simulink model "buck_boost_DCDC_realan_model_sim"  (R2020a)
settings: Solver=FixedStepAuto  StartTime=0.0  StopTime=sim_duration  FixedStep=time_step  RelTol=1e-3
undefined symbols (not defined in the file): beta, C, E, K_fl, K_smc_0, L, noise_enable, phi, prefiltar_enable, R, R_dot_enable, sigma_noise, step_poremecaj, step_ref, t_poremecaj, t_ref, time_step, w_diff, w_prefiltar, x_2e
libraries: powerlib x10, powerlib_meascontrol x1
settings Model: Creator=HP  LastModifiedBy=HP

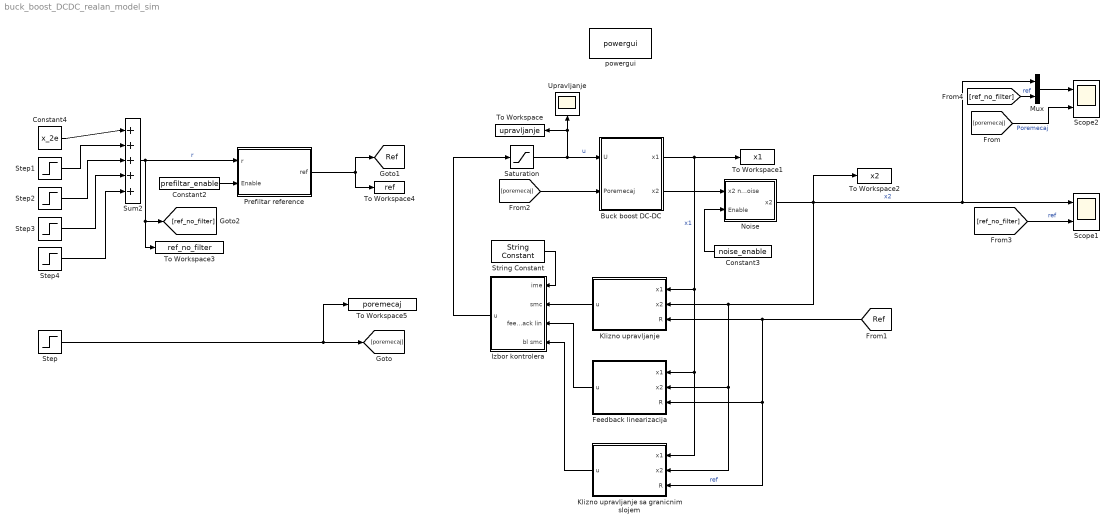
== system buck_boost_DCDC_realan_model_sim ==
  Buck boost DC-DC : Subsystem
  Constant2 : Constant  Value=prefiltar_enable
  Constant3 : Constant  Value=noise_enable
  Constant4 : Constant  Value=x_2e
  Feedback linearizacija : Subsystem
  Izbor kontrolera : Subsystem
  Klizno upravljanje : Subsystem
  Klizno upravljanje sa granicnim slojem : Subsystem
  Mux : Mux  Inputs=2
  Noise : Subsystem
  Prefiltar reference : Subsystem
  Saturation : Saturate  UpperLimit=1  LowerLimit=0
  Scope1 : Scope  NumInputPorts=2
  Scope2 : Scope  NumInputPorts=2
  Step : Step  Time=t_poremecaj(1)  After=step_poremecaj(1)  SampleTime=0
  Step1 : Step  Time=t_ref(1)  After=step_ref(1)  SampleTime=0
  Step2 : Step  Time=t_ref(2)  After=step_ref(2)  SampleTime=0
  Step3 : Step  Time=t_ref(3)  After=step_ref(3)  SampleTime=0
  Step4 : Step  Time=t_ref(4)  After=step_ref(4)  SampleTime=0
  String Constant : StringConstant  String=ime_kontrolera
  Sum2 : Sum  Inputs=|+++++
  To Workspace : ToWorkspace  VariableName=upravljanje  SaveFormat=Timeseries  SampleTime=-1
  To Workspace1 : ToWorkspace  VariableName=x1  SaveFormat=Timeseries  SampleTime=-1
  To Workspace2 : ToWorkspace  VariableName=x2  SaveFormat=Timeseries  SampleTime=-1
  To Workspace3 : ToWorkspace  VariableName=ref_no_filter  SaveFormat=Timeseries  SampleTime=-1
  To Workspace4 : ToWorkspace  VariableName=ref  SaveFormat=Timeseries  SampleTime=-1
  To Workspace5 : ToWorkspace  VariableName=poremecaj  SaveFormat=Timeseries  SampleTime=-1
  Upravljanje : Scope
  powergui : powerlib/powergui  Priority=1  SimulationMode=Continuous  SampleTime=50e-6  frequency=60  Iterations=50  frequencyindice=0  Pbase=100e6  ErrMax=1e-4  UnitsV=kV  UnitsW=MW  buscounter=0  FunctionMessages=off  echomessages=off  EnableUseOfTLC=off  CurrentSourceSwitches=off  DisableSnubberDevices=off  DisableRonSwitches=off  DisableVfSwitches=off  DisplayEquations=off  AutomaticDiscreteSolvers=off  SolverType=Tustin/Backward Euler (TBE)  Interpol=off  ExternalGateDelay=off  methode=off  Ts=100  x0status=blocks  SPID=on  SwTol=0  HookPort=off  NonlinearTolerance=1e-4  nMaxIteration=100  ContinueOnMaxIteration=off  RestoreLinks=warning  ResistiveCurrentMeasurement=off  Frange=[0:2:500]  Ylog=off  Xlog=on  ShowGrid=off  save=off  variable=ZData  structure=0  ZoomFFT=off  StartTime=0.0  cycles=1  DisplayStyle=1  fundamental=60  FreqAxis=off  MaxFrequency=1000  frequencyindicesteady=1  RmsSteady=1  display=off
  tag scope: Ref=global
  wires:
  Constant4/1 -> Sum2/1
  Saturation/1 -> To Workspace/1, Upravljanje/1, Buck boost DC-DC/1(U)  "u"
  Constant3/1 -> Noise/2(Enable)
  Constant2/1 -> Prefiltar reference/2(Enable)
  Prefiltar reference/1(ref) -> [Ref], To Workspace4/1
  Noise/1(x2) -> Mux/1, Scope1/1, To Workspace2/1, Klizno upravljanje sa granicnim slojem/2(x2), Feedback linearizacija/2(x2), Klizno upravljanje/2(x2)  "x2"
  Step/1 -> To Workspace5/1, [poremecaj]
  [ref_no_filter] -> Mux/2  "ref"
  Step3/1 -> Sum2/4
  Sum2/1 -> Prefiltar reference/1(r), [ref_no_filter], To Workspace3/1  "r"
  [poremecaj] -> Scope2/2  "Poremecaj"
  Feedback linearizacija/1(u) -> Izbor kontrolera/3(feedback lin)
  Step4/1 -> Sum2/5
  Klizno upravljanje sa granicnim slojem/1(u) -> Izbor kontrolera/4(bl smc)
  String Constant/1 -> Izbor kontrolera/1(ime)
  Klizno upravljanje/1(u) -> Izbor kontrolera/2(smc)
  Mux/1 -> Scope2/1
  Step1/1 -> Sum2/2
  [poremecaj] -> Buck boost DC-DC/2(Poremecaj)
  Step2/1 -> Sum2/3
  Buck boost DC-DC/2(x2) -> Noise/1(x2 no noise)
  [Ref] -> Klizno upravljanje sa granicnim slojem/3(R), Feedback linearizacija/3(R), Klizno upravljanje/3(R)  "ref"
  Buck boost DC-DC/1(x1) -> Klizno upravljanje sa granicnim slojem/1(x1), Feedback linearizacija/1(x1), Klizno upravljanje/1(x1), To Workspace1/1  "x1"
  Izbor kontrolera/1(u) -> Saturation/1
  [ref_no_filter] -> Scope1/2  "ref"

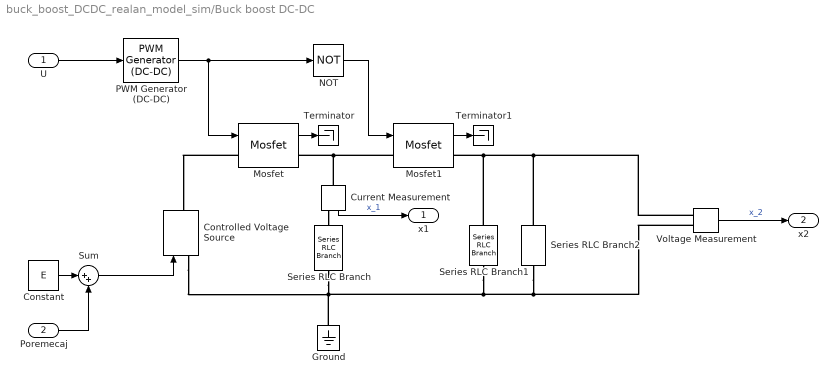
== system buck_boost_DCDC_realan_model_sim/Buck boost DC-DC ==
  U : Inport
  Poremecaj : Inport  Port=2
  Constant : Constant  Value=E
  Controlled Voltage Source : powerlib/Electrical Sources/Controlled Voltage Source  Initialize=on  Source_Type=AC  Amplitude=0  Phase=0  Frequency=0  Measurements=None
  Current Measurement : powerlib/Measurements/Current Measurement  PhasorSimulation=off  OutputType=Complex  PSBequivalent=0
  Ground : powerlib/Elements/Ground  LConnTagsString=a
  Mosfet : powerlib/Power Electronics/Mosfet  Ron=0.1  Lon=0  Rd=0.01  Vfd=0  IC=0  Rs=1e5  Cs=inf  Measurements=on
  Mosfet1 : powerlib/Power Electronics/Mosfet  Ron=0.1  Lon=0  Rd=0.01  Vfd=0  IC=0  Rs=1e5  Cs=inf  Measurements=on
  NOT : Logic  Operator=NOT  IconShape=distinctive  AllPortsSameDT=off  OutDataTypeStr=boolean
  PWM Generator (DC-DC) : powerlib_meascontrol/Pulse & Signal Generators/PWM Generator (DC-DC)  Fsw=f_sw  Ts=time_step
  Series RLC Branch : powerlib/Elements/Series RLC Branch  LConnTagsString=__new0  RConnTagsString=__new0  BranchType=L  Resistance=1  Inductance=L  SetiL0=off  InitialCurrent=0  Capacitance=1e-6  Setx0=off  InitialVoltage=0  Measurements=None
  Series RLC Branch1 : powerlib/Elements/Series RLC Branch  LConnTagsString=__new0  RConnTagsString=__new0  BranchType=C  Resistance=1  Inductance=1e-3  SetiL0=off  InitialCurrent=0  Capacitance=C  Setx0=off  InitialVoltage=0  Measurements=None
  Series RLC Branch2 : powerlib/Elements/Series RLC Branch  LConnTagsString=__new0  RConnTagsString=__new0  BranchType=R  Resistance=R  Inductance=L  SetiL0=off  InitialCurrent=0  Capacitance=1e-6  Setx0=off  InitialVoltage=0  Measurements=None
  Sum : Sum  Inputs=|++
  Terminator : Terminator
  Terminator1 : Terminator
  Voltage Measurement : powerlib/Measurements/Voltage Measurement  PhasorSimulation=off  OutputType=Complex  PSBequivalent=0
  x1 : Outport
  x2 : Outport  Port=2
  wires:
  Mosfet1/1 -> Terminator1/1
  PWM Generator (DC-DC)/1 -> Mosfet/1, NOT/1
  Mosfet/1 -> Terminator/1
  U/1 -> PWM Generator (DC-DC)/1
  NOT/1 -> Mosfet1/1
  Current Measurement/1 -> x1/1  "x_1"
  Voltage Measurement/1 -> x2/1  "x_2"
  Constant/1 -> Sum/1
  Sum/1 -> Controlled Voltage Source/1
  Poremecaj/1 -> Sum/2
  connections:
  Series RLC Branch/RConn1 -- Controlled Voltage Source/LConn1 -- Voltage Measurement/LConn2 -- Series RLC Branch2/RConn1 -- Series RLC Branch1/RConn1 -- Ground/LConn1
  Series RLC Branch1/LConn1 -- Voltage Measurement/LConn1 -- Series RLC Branch2/LConn1 -- Mosfet1/RConn1
  Mosfet1/LConn1 -- Current Measurement/LConn1 -- Mosfet/RConn1
  Mosfet/LConn1 -- Controlled Voltage Source/RConn1
  Current Measurement/RConn1 -- Series RLC Branch/LConn1

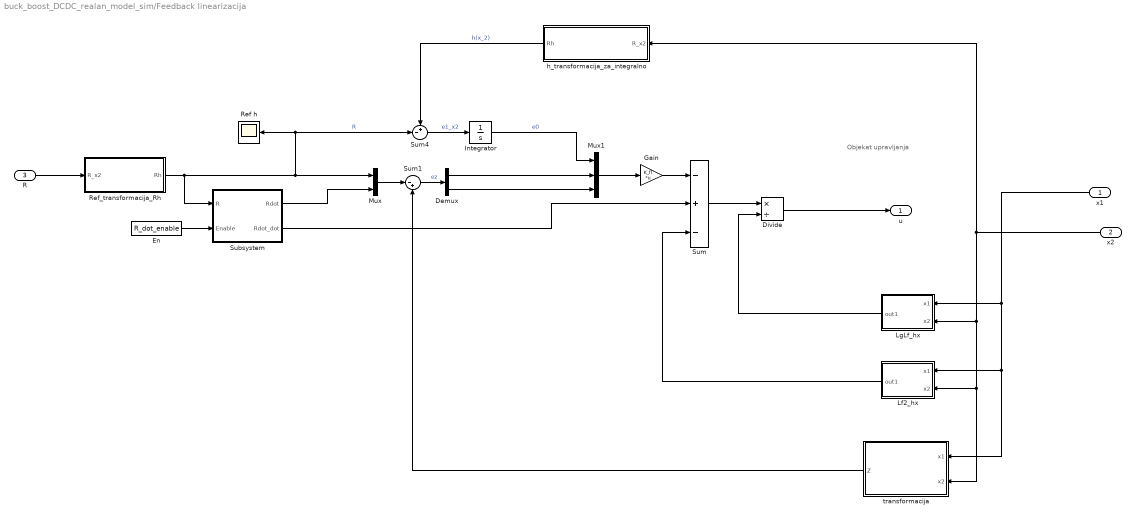
== system buck_boost_DCDC_realan_model_sim/Feedback linearizacija ==
  note: Objekat upravljanja
  x1 : Inport
  x2 : Inport  Port=2
  R : Inport  Port=3
  Demux : Demux  Outputs=2
  Divide : Product  Inputs=*/
  En : Constant  Value=R_dot_enable
  Gain : Gain  Gain=K_fl  Multiplication=Matrix(K*u)
  Integrator : Integrator
  Lf2_hx : MATLAB Function  TreatAsAtomicUnit=on
  LgLf_hx : MATLAB Function  TreatAsAtomicUnit=on
  Mux : Mux  Inputs=2
  Mux1 : Mux  Inputs=3
  Ref h : Scope
  Ref_transformacija_Rh : MATLAB Function  TreatAsAtomicUnit=on
  Subsystem : Subsystem
  Sum : Sum  Inputs=-+-
  Sum1 : Sum  Inputs=|-+
  Sum4 : Sum  Inputs=+-|
  h_transformacija_za_integralno : MATLAB Function  TreatAsAtomicUnit=on
  transformacija : MATLAB Function  TreatAsAtomicUnit=on
  u : Outport
  wires:
  Subsystem/1(Rdot) -> Mux/2
  Divide/1 -> u/1
  Ref_transformacija_Rh/1(Rh) -> Sum4/2, Ref h/1, Mux/1, Subsystem/1(R)  "R"
  x1/1 -> LgLf_hx/1(x1), Lf2_hx/1(x1), transformacija/1(x1)
  Mux/1 -> Sum1/1
  LgLf_hx/1(out1) -> Divide/2
  x2/1 -> h_transformacija_za_integralno/1(R_x2), LgLf_hx/2(x2), Lf2_hx/2(x2), transformacija/2(x2)
  Demux/1 -> Mux1/2
  Sum1/1 -> Demux/1  "ez"
  Gain/1 -> Sum/1
  Subsystem/2(Rdot_dot) -> Sum/2
  Lf2_hx/1(out1) -> Sum/3
  En/1 -> Subsystem/2(Enable)
  transformacija/1(Z) -> Sum1/2
  R/1 -> Ref_transformacija_Rh/1(R_x2)
  Sum/1 -> Divide/1
  Mux1/1 -> Gain/1
  Integrator/1 -> Mux1/1  "e0"
  Sum4/1 -> Integrator/1  "e1_x2"
  Demux/2 -> Mux1/3
  h_transformacija_za_integralno/1(Rh) -> Sum4/1  "h(x_2)"

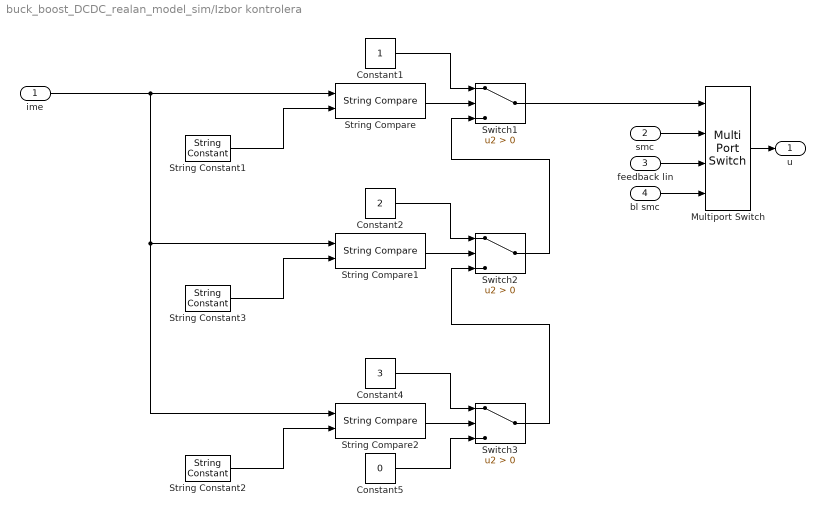
== system buck_boost_DCDC_realan_model_sim/Izbor kontrolera ==
  ime : Inport
  smc : Inport  Port=2
  feedback lin : Inport  Port=3
  bl smc : Inport  Port=4
  Constant1 : Constant
  Constant2 : Constant  Value=2
  Constant4 : Constant  Value=3
  Constant5 : Constant  Value=0
  Multiport Switch : MultiPortSwitch
  String Compare : StringCompare
  String Compare1 : StringCompare
  String Compare2 : StringCompare
  String Constant1 : StringConstant  String="\"smc\""
  String Constant2 : StringConstant  String="\"bl smc\""
  String Constant3 : StringConstant  String="\"fbl\""
  Switch1 : Switch  Criteria=u2 > Threshold
  Switch2 : Switch  Criteria=u2 > Threshold
  Switch3 : Switch  Criteria=u2 > Threshold
  u : Outport
  wires:
  String Compare1/1 -> Switch2/2
  Switch1/1 -> Multiport Switch/1
  String Constant1/1 -> String Compare/2
  String Constant3/1 -> String Compare1/2
  Constant1/1 -> Switch1/1
  Constant2/1 -> Switch2/1
  Switch2/1 -> Switch1/3
  String Compare/1 -> Switch1/2
  feedback lin/1 -> Multiport Switch/3
  Multiport Switch/1 -> u/1
  smc/1 -> Multiport Switch/2
  bl smc/1 -> Multiport Switch/4
  Constant5/1 -> Switch3/3
  ime/1 -> String Compare/1, String Compare2/1, String Compare1/1
  String Compare2/1 -> Switch3/2
  String Constant2/1 -> String Compare2/2
  Constant4/1 -> Switch3/1
  Switch3/1 -> Switch2/3

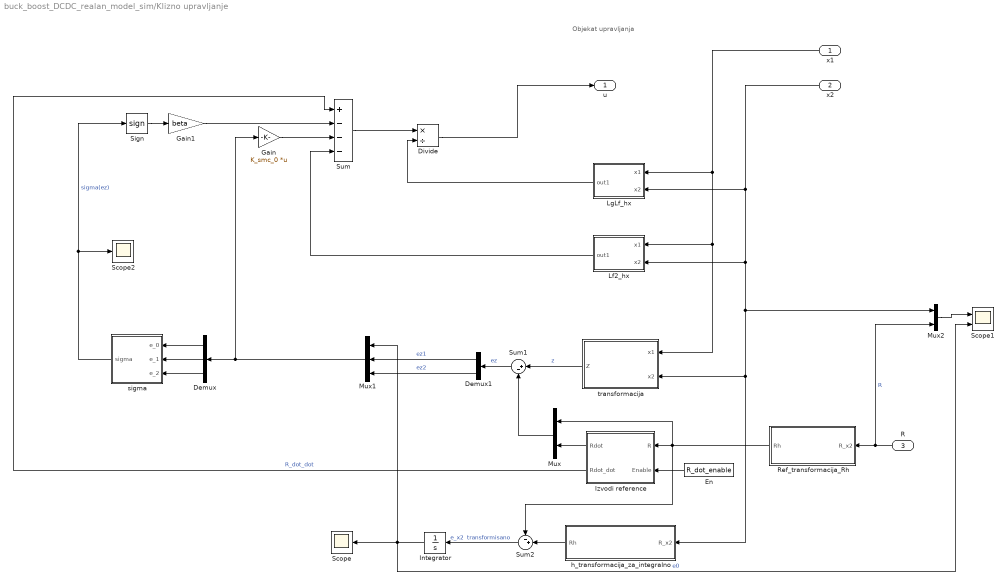
== system buck_boost_DCDC_realan_model_sim/Klizno upravljanje ==
  note: Objekat upravljanja
  x1 : Inport
  x2 : Inport  Port=2
  R : Inport  Port=3
  Demux : Demux  Outputs=3
  Demux1 : Demux  Outputs=2
  Divide : Product  Inputs=*/
  En : Constant  Value=R_dot_enable
  Gain : Gain  Gain=K_smc_0  Multiplication=Matrix(K*u)
  Gain1 : Gain  Gain=beta
  Integrator : Integrator
  Izvodi reference : Subsystem
  Lf2_hx : MATLAB Function  TreatAsAtomicUnit=on
  LgLf_hx : MATLAB Function  TreatAsAtomicUnit=on
  Mux : Mux  Inputs=2
  Mux1 : Mux  Inputs=3
  Mux2 : Mux  Inputs=2
  Ref_transformacija_Rh : MATLAB Function  TreatAsAtomicUnit=on
  Scope : Scope
  Scope1 : Scope  NumInputPorts=2
  Scope2 : Scope
  Sign : Signum
  Sum : Sum  Inputs=+---
  Sum1 : Sum  Inputs=|+-
  Sum2 : Sum  Inputs=-+|
  h_transformacija_za_integralno : MATLAB Function  TreatAsAtomicUnit=on
  sigma : MATLAB Function  TreatAsAtomicUnit=on
  transformacija : MATLAB Function  TreatAsAtomicUnit=on
  u : Outport
  wires:
  x1/1 -> LgLf_hx/1(x1), transformacija/1(x1), Lf2_hx/1(x1)
  x2/1 -> Mux2/1, h_transformacija_za_integralno/1(R_x2), transformacija/2(x2), Lf2_hx/2(x2), LgLf_hx/2(x2)
  Divide/1 -> u/1
  LgLf_hx/1(out1) -> Divide/2
  Sum/1 -> Divide/1
  Lf2_hx/1(out1) -> Sum/4
  Gain/1 -> Sum/3
  transformacija/1(Z) -> Sum1/1  "z"
  sigma/1(sigma) -> Sign/1, Scope2/1  "sigma(ez)"
  Sign/1 -> Gain1/1
  Gain1/1 -> Sum/2
  En/1 -> Izvodi reference/2(Enable)
  R/1 -> Mux2/2, Ref_transformacija_Rh/1(R_x2)  "R"
  Izvodi reference/1(Rdot) -> Mux/2
  Mux/1 -> Sum1/2
  Izvodi reference/2(Rdot_dot) -> Sum/1  "R_dot_dot"
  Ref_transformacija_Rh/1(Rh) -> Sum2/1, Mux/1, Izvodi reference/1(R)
···
* About this exercise
Pull together all lines from the data that mention the word "Integrator".

* Reply to the exercise
  Integrator : Integrator
  Integrator/1 -> Mux1/1  "e0"
  Sum4/1 -> Integrator/1  "e1_x2"
  Integrator : Integrator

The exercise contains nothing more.